TASK MATERIAL Start Marker

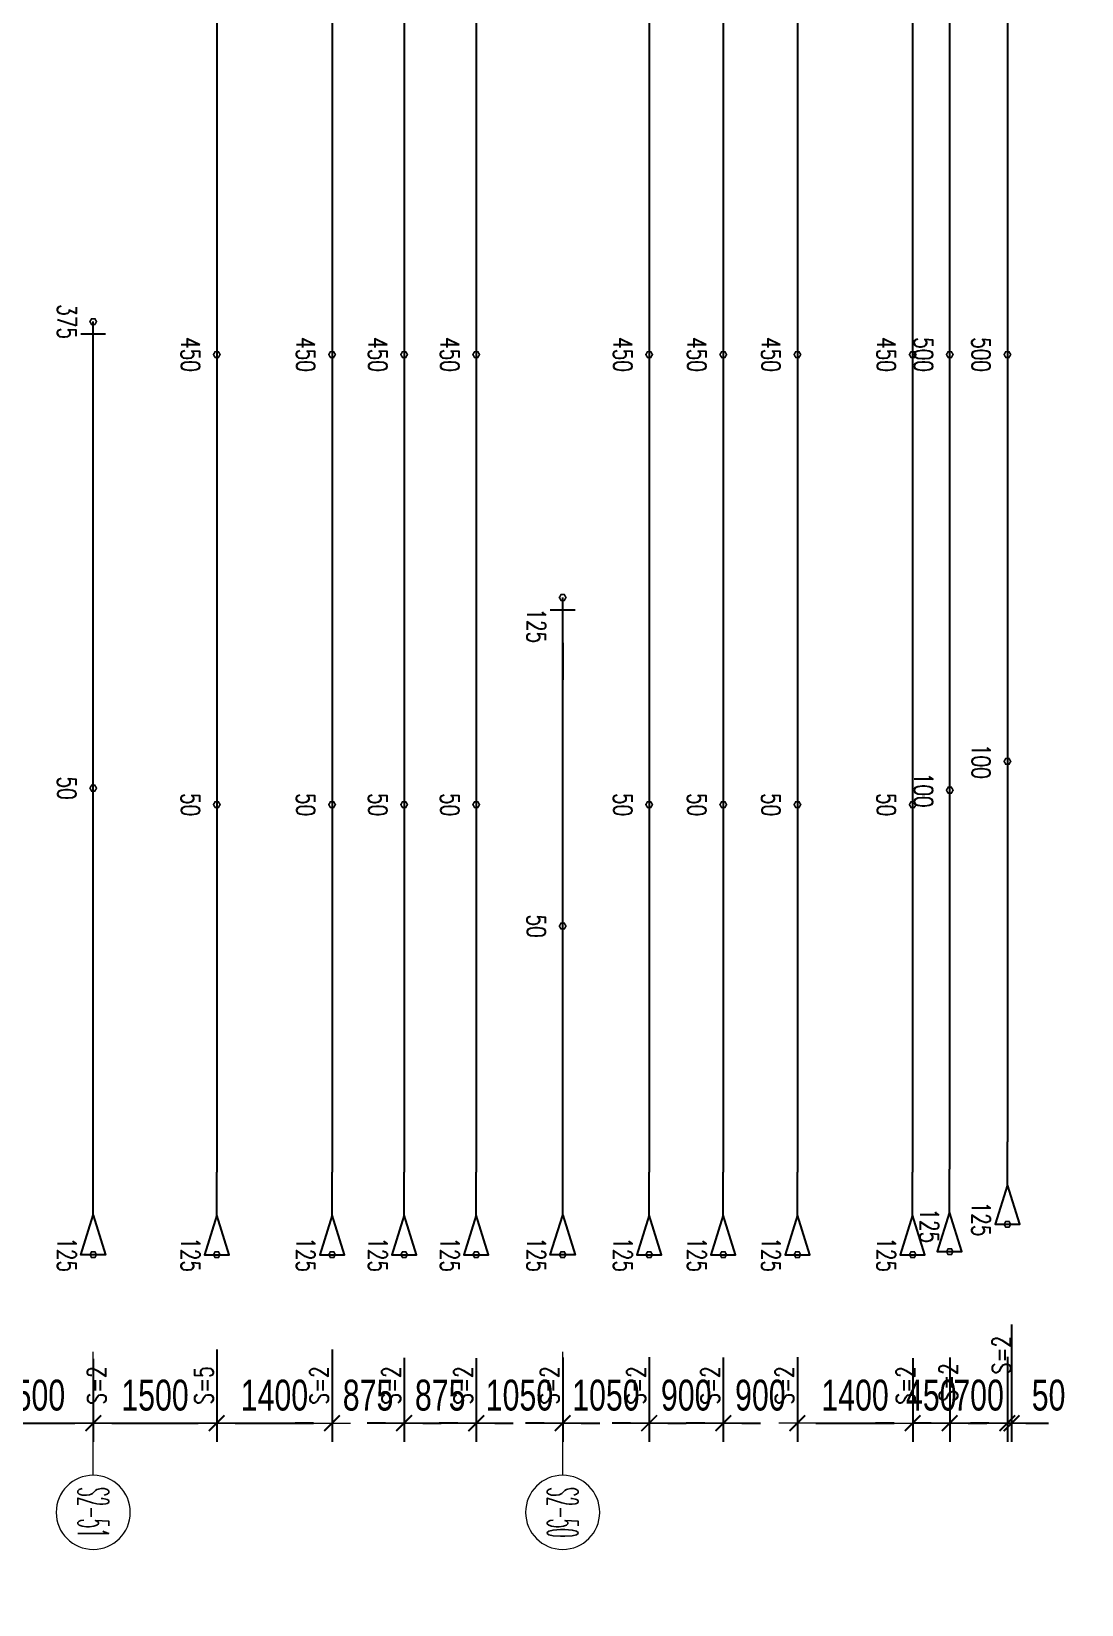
# Model space of a CAD drawing. Header units: millimetres. Extents: x 118516 to 588795, y -24154 to 50684.
# Drawn here: x 558150 to 570900, y 4022 to 23123 of the extents above; entities that cross this region are included whole.
import ezdxf
from ezdxf.enums import TextEntityAlignment as Align

# ---------------------------------------------------------------- set-up
doc = ezdxf.new("R2010")
doc.units = ezdxf.units.MM
doc.layers.get('0').update_dxf_attribs({"lineweight": 20})
doc.layers.get('Defpoints').update_dxf_attribs({"color": 151, "lineweight": 9})
doc.layers.add('ARES_TAG', color=3, linetype='Continuous')
doc.layers.add('NDC_S_TENDON', color=10, linetype='Continuous')
doc.layers.add('Current plane_Column', color=7, linetype='Continuous', true_color=0x4b00ff)
for name, color, linetype, lineweight in [('NDC_S-TENDON', 6, 'Continuous', 35), ('NDC_S_ANNO', 7, 'Continuous', 20), ('NDC_S_DIM', 1, 'Continuous', 15), ('NDC_S_SYMBOL', 1, 'Continuous', 15)]:
    doc.layers.add(name, color=color, linetype=linetype, lineweight=lineweight)
doc.styles.add('ARES_ROMANS_0.36', font='romans.shx', dxfattribs={"width": 0.36, "bigfont": 'vns.shx'})
doc.styles.add('NDC_ANNO', font='', dxfattribs={"width": 0.8})
doc.styles.add('NDC_DIM', font='', dxfattribs={"width": 0.75})
doc.styles.get('NDC_ANNO').set_extended_font_data('Dotum')
doc.styles.get('NDC_DIM').set_extended_font_data('Dotum')
doc.dimstyles.new('NDC_dim_150', dxfattribs={"dimscale": 150, "dimtxt": 2.5, "dimasz": 1.5, "dimexe": 1.5, "dimexo": 2.5, "dimgap": 1, "dimtad": 1, "dimdec": 0, "dimzin": 0, "dimdsep": 46, "dimtxsty": 'NDC_DIM', "dimblk": 'DIMMARK', "dimcen": 0.09, "dimdle": 1.2, "dimclrd": 1, "dimclre": 1, "dimclrt": 3, "dimadec": 0, "dimazin": 0, "dimtfac": 1, "dimtdec": 0, "dimtix": 1, "dimtofl": 0, "dimtmove": 0, "dimatfit": 3, "dimfxl": 8, "dimfxlon": 1, "dimtolj": 1, "dimtzin": 0, "dimarcsym": 0})

# ---------------------------------------------------------------- blocks, each defined once
blk = doc.blocks.new('DIMMARK')
at = {"layer": 'NDC_S_DIM', "color": 1}
blk.add_line((-1.5, 0), (1, 0), dxfattribs=at)
at = {"layer": 'NDC_S_DIM', "color": 2, "const_width": 0.1}
blk.add_lwpolyline([(-0.424, -0.424), (0.424, 0.424)], dxfattribs=at)
blk = doc.blocks.new('*D23')
at = {"layer": 'Defpoints', "color": 0, "ltscale": 100, "transparency": 16777216}
for p in [(570050, 12767), (570450, 12767), (570450, -2700)]:
    blk.add_point(p, dxfattribs=at)
at = {"layer": 'NDC_S_DIM', "color": 1, "lineweight": -2, "ltscale": 100, "transparency": 16777216}
for p, q in [((570050, -1500), (570050, -2925)), ((570450, -1500), (570450, -2925)), ((569825, -2700), (569600, -2700)), ((570675, -2700), (570900, -2700))]:
    blk.add_line(p, q, dxfattribs=at)
at = {"layer": 'NDC_S_DIM', "color": 1, "lineweight": -2, "ltscale": 100, "transparency": 16777216, "xscale": 225, "yscale": 225, "zscale": 225}
blk.add_blockref('DIMMARK', (570050, -2700), dxfattribs=at)
at = {"layer": 'NDC_S_DIM', "color": 1, "lineweight": -2, "ltscale": 100, "transparency": 16777216, "xscale": 225, "yscale": 225, "zscale": 225, "rotation": 180}
blk.add_blockref('DIMMARK', (570450, -2700), dxfattribs=at)
at = {"layer": 'NDC_S_DIM', "color": 3, "ltscale": 100, "transparency": 16777216, "insert": (570250, -2362), "char_height": 375, "attachment_point": 5, "style": 'NDC_DIM'}
blk.add_mtext('\\A1;400', dxfattribs=at)
blk = doc.blocks.new('*U659')
at = {"layer": 'NDC_S_TENDON'}
blk.add_line((2787, 0), (25216, 0), dxfattribs=at)
blk.add_lwpolyline([(25736, 0), (26216, 150), (26216, -150), (25736, 0), (25216, 0)], dxfattribs=at)
at = {"layer": 'ARES_TAG', "style": 'ARES_ROMANS_0.36', "width": 0.36}
blk.add_attdef('S3', text='', height=375, dxfattribs=at).set_placement((-7773, 0), align=Align.MIDDLE_CENTER)
blk = doc.blocks.new('*U695')
at = {"layer": 'NDC_S_SYMBOL', "color": 3}
blk.add_line((-7323, 0), (-5823, 0), dxfattribs=at)
blk.add_circle((-7773, 0), 450, dxfattribs=at)
at = {"layer": 'NDC_S_TENDON'}
for p, q in [((-3644, 0), (-3144, 0)), ((-3144, 0), (2787, 0)), ((2787, 0), (2336, 0)), ((2336, 0), (3336, 0)), ((3186, -150), (3186, 150))]:
    blk.add_line(p, q, dxfattribs=at)
blk.add_lwpolyline([(-4164, 0), (-4644, 150), (-4644, -150), (-4164, 0), (-3644, 0)], dxfattribs=at)
at = {"layer": 'ARES_TAG', "style": 'ARES_ROMANS_0.36', "width": 0.36}
blk.add_attdef('S3', text='', height=375, dxfattribs=at).set_placement((-7773, 0), align=Align.MIDDLE_CENTER)
blk = doc.blocks.new('*U657')
at = {"layer": 'NDC_S_SYMBOL', "color": 3}
blk.add_line((-7323, 0), (-5823, 0), dxfattribs=at)
blk.add_circle((-7773, 0), 450, dxfattribs=at)
at = {"layer": 'NDC_S_TENDON'}
for p, q in [((-3644, 0), (-3144, 0)), ((-3144, 0), (2787, 0)), ((2787, 0), (5686, 0)), ((5686, 0), (6686, 0)), ((6536, -150), (6536, 150))]:
    blk.add_line(p, q, dxfattribs=at)
blk.add_lwpolyline([(-4164, 0), (-4644, 150), (-4644, -150), (-4164, 0), (-3644, 0)], dxfattribs=at)
at = {"layer": 'ARES_TAG', "style": 'ARES_ROMANS_0.36', "width": 0.36}
blk.add_attdef('S3', text='', height=375, dxfattribs=at).set_placement((-7773, 0), align=Align.MIDDLE_CENTER)
blk = doc.blocks.new('*U696')
at = {"layer": 'NDC_S_TENDON'}
blk.add_line((2787, 0), (25216, 0), dxfattribs=at)
blk.add_lwpolyline([(25736, 0), (26216, 150), (26216, -150), (25736, 0), (25216, 0)], dxfattribs=at)
at = {"layer": 'ARES_TAG', "style": 'ARES_ROMANS_0.36', "width": 0.36}
blk.add_attdef('S3', text='', height=375, dxfattribs=at).set_placement((-7700, 0), align=Align.MIDDLE_CENTER)
blk = doc.blocks.new('*U697')
at = {"layer": 'NDC_S_TENDON'}
blk.add_line((2787, 0), (25216, 0), dxfattribs=at)
blk.add_lwpolyline([(25736, 0), (26216, 150), (26216, -150), (25736, 0), (25216, 0)], dxfattribs=at)
at = {"layer": 'ARES_TAG', "style": 'ARES_ROMANS_0.36', "width": 0.36}
blk.add_attdef('S3', text='', height=375, dxfattribs=at).set_placement((-7038, 0), align=Align.MIDDLE_CENTER)
blk = doc.blocks.new('HTB TDY')
at = {"layer": 'NDC_S-TENDON', "linetype": 'Continuous'}
for points, elevation in [([(50190, 10100, 20, 20, 0), (50170, 10135, 20, 20, 0), (50130, 10135, 20, 20, 0), (50110, 10100, 20, 20, 0), (50130, 10065, 20, 20, 0), (50170, 10065, 20, 20, 0)], 3575), ([(50190, 10100, 20, 20, 0), (50170, 10135, 20, 20, 0), (50130, 10135, 20, 20, 0), (50110, 10100, 20, 20, 0), (50130, 10065, 20, 20, 0), (50170, 10065, 20, 20, 0)], 3575), ([(51690, 9700, 20, 20, 0), (51670, 9735, 20, 20, 0), (51630, 9735, 20, 20, 0), (51610, 9700, 20, 20, 0), (51630, 9665, 20, 20, 0), (51670, 9665, 20, 20, 0)], 3650), ([(51690, 9700, 20, 20, 0), (51670, 9735, 20, 20, 0), (51630, 9735, 20, 20, 0), (51610, 9700, 20, 20, 0), (51630, 9665, 20, 20, 0), (51670, 9665, 20, 20, 0)], 3650), ([(51690, 9700, 20, 20, 0), (51670, 9735, 20, 20, 0), (51630, 9735, 20, 20, 0), (51610, 9700, 20, 20, 0), (51630, 9665, 20, 20, 0), (51670, 9665, 20, 20, 0)], 3650), ([(51690, 9700, 20, 20, 0), (51670, 9735, 20, 20, 0), (51630, 9735, 20, 20, 0), (51610, 9700, 20, 20, 0), (51630, 9665, 20, 20, 0), (51670, 9665, 20, 20, 0)], 3650), ([(53090, 9700, 20, 20, 0), (53070, 9735, 20, 20, 0), (53030, 9735, 20, 20, 0), (53010, 9700, 20, 20, 0), (53030, 9665, 20, 20, 0), (53070, 9665, 20, 20, 0)], 3650), ([(53090, 9700, 20, 20, 0), (53070, 9735, 20, 20, 0), (53030, 9735, 20, 20, 0), (53010, 9700, 20, 20, 0), (53030, 9665, 20, 20, 0), (53070, 9665, 20, 20, 0)], 3650), ([(53090, 9700, 20, 20, 0), (53070, 9735, 20, 20, 0), (53030, 9735, 20, 20, 0), (53010, 9700, 20, 20, 0), (53030, 9665, 20, 20, 0), (53070, 9665, 20, 20, 0)], 3650), ([(53090, 9700, 20, 20, 0), (53070, 9735, 20, 20, 0), (53030, 9735, 20, 20, 0), (53010, 9700, 20, 20, 0), (53030, 9665, 20, 20, 0), (53070, 9665, 20, 20, 0)], 3650), ([(53965, 9700, 20, 20, 0), (53945, 9735, 20, 20, 0), (53905, 9735, 20, 20, 0), (53885, 9700, 20, 20, 0), (53905, 9665, 20, 20, 0), (53945, 9665, 20, 20, 0)], 3650), ([(53965, 9700, 20, 20, 0), (53945, 9735, 20, 20, 0), (53905, 9735, 20, 20, 0), (53885, 9700, 20, 20, 0), (53905, 9665, 20, 20, 0), (53945, 9665, 20, 20, 0)], 3650), ([(53965, 9700, 20, 20, 0), (53945, 9735, 20, 20, 0), (53905, 9735, 20, 20, 0), (53885, 9700, 20, 20, 0), (53905, 9665, 20, 20, 0), (53945, 9665, 20, 20, 0)], 3650), ([(53965, 9700, 20, 20, 0), (53945, 9735, 20, 20, 0), (53905, 9735, 20, 20, 0), (53885, 9700, 20, 20, 0), (53905, 9665, 20, 20, 0), (53945, 9665, 20, 20, 0)], 3650), ([(54840, 9700, 20, 20, 0), (54820, 9735, 20, 20, 0), (54780, 9735, 20, 20, 0), (54760, 9700, 20, 20, 0), (54780, 9665, 20, 20, 0), (54820, 9665, 20, 20, 0)], 3650), ([(54840, 9700, 20, 20, 0), (54820, 9735, 20, 20, 0), (54780, 9735, 20, 20, 0), (54760, 9700, 20, 20, 0), (54780, 9665, 20, 20, 0), (54820, 9665, 20, 20, 0)], 3650), ([(54840, 9700, 20, 20, 0), (54820, 9735, 20, 20, 0), (54780, 9735, 20, 20, 0), (54760, 9700, 20, 20, 0), (54780, 9665, 20, 20, 0), (54820, 9665, 20, 20, 0)], 3650), ([(54840, 9700, 20, 20, 0), (54820, 9735, 20, 20, 0), (54780, 9735, 20, 20, 0), (54760, 9700, 20, 20, 0), (54780, 9665, 20, 20, 0), (54820, 9665, 20, 20, 0)], 3650), ([(56940, 9700, 20, 20, 0), (56920, 9735, 20, 20, 0), (56880, 9735, 20, 20, 0), (56860, 9700, 20, 20, 0), (56880, 9665, 20, 20, 0), (56920, 9665, 20, 20, 0)], 3650), ([(56940, 9700, 20, 20, 0), (56920, 9735, 20, 20, 0), (56880, 9735, 20, 20, 0), (56860, 9700, 20, 20, 0), (56880, 9665, 20, 20, 0), (56920, 9665, 20, 20, 0)], 3650), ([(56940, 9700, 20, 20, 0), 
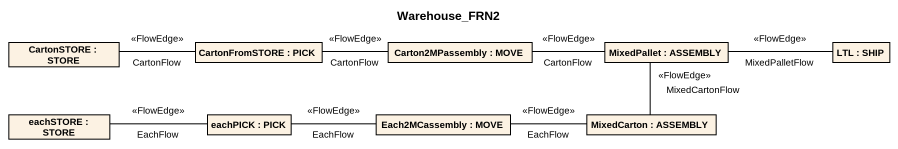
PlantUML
@startuml
title Warehouse_FRN2
rectangle "CartonSTORE : STORE" as CartonSTORE
rectangle "CartonFromSTORE : PICK" as CartonFromSTORE
rectangle "Carton2MPassembly : MOVE" as Carton2MPassembly
rectangle "MixedPallet : ASSEMBLY" as MixedPallet
rectangle "LTL : SHIP" as LTL
rectangle "eachSTORE : STORE" as eachSTORE
rectangle "eachPICK : PICK" as eachPICK
rectangle "Each2MCassembly : MOVE" as Each2MCassembly
rectangle "MixedCarton : ASSEMBLY" as MixedCarton
CartonSTORE -right- CartonFromSTORE : <<FlowEdge>>\nCartonFlow
CartonFromSTORE -right- Carton2MPassembly : <<FlowEdge>>\nCartonFlow
Carton2MPassembly -right- MixedPallet : <<FlowEdge>>\nCartonFlow
MixedPallet -right- LTL : <<FlowEdge>>\nMixedPalletFlow
eachSTORE -right- eachPICK : <<FlowEdge>>\nEachFlow
eachPICK -right- Each2MCassembly : <<FlowEdge>>\nEachFlow
Each2MCassembly -right- MixedCarton : <<FlowEdge>>\nEachFlow
MixedCarton -up- MixedPallet : <<FlowEdge>>\nMixedCartonFlow
@enduml

TASK MATERIAL End Marker

ABOUT THIS TASK
Go through the data line by line and say how many lines contain "MixedCarton". Give the number alone.

TASK ANSWER
3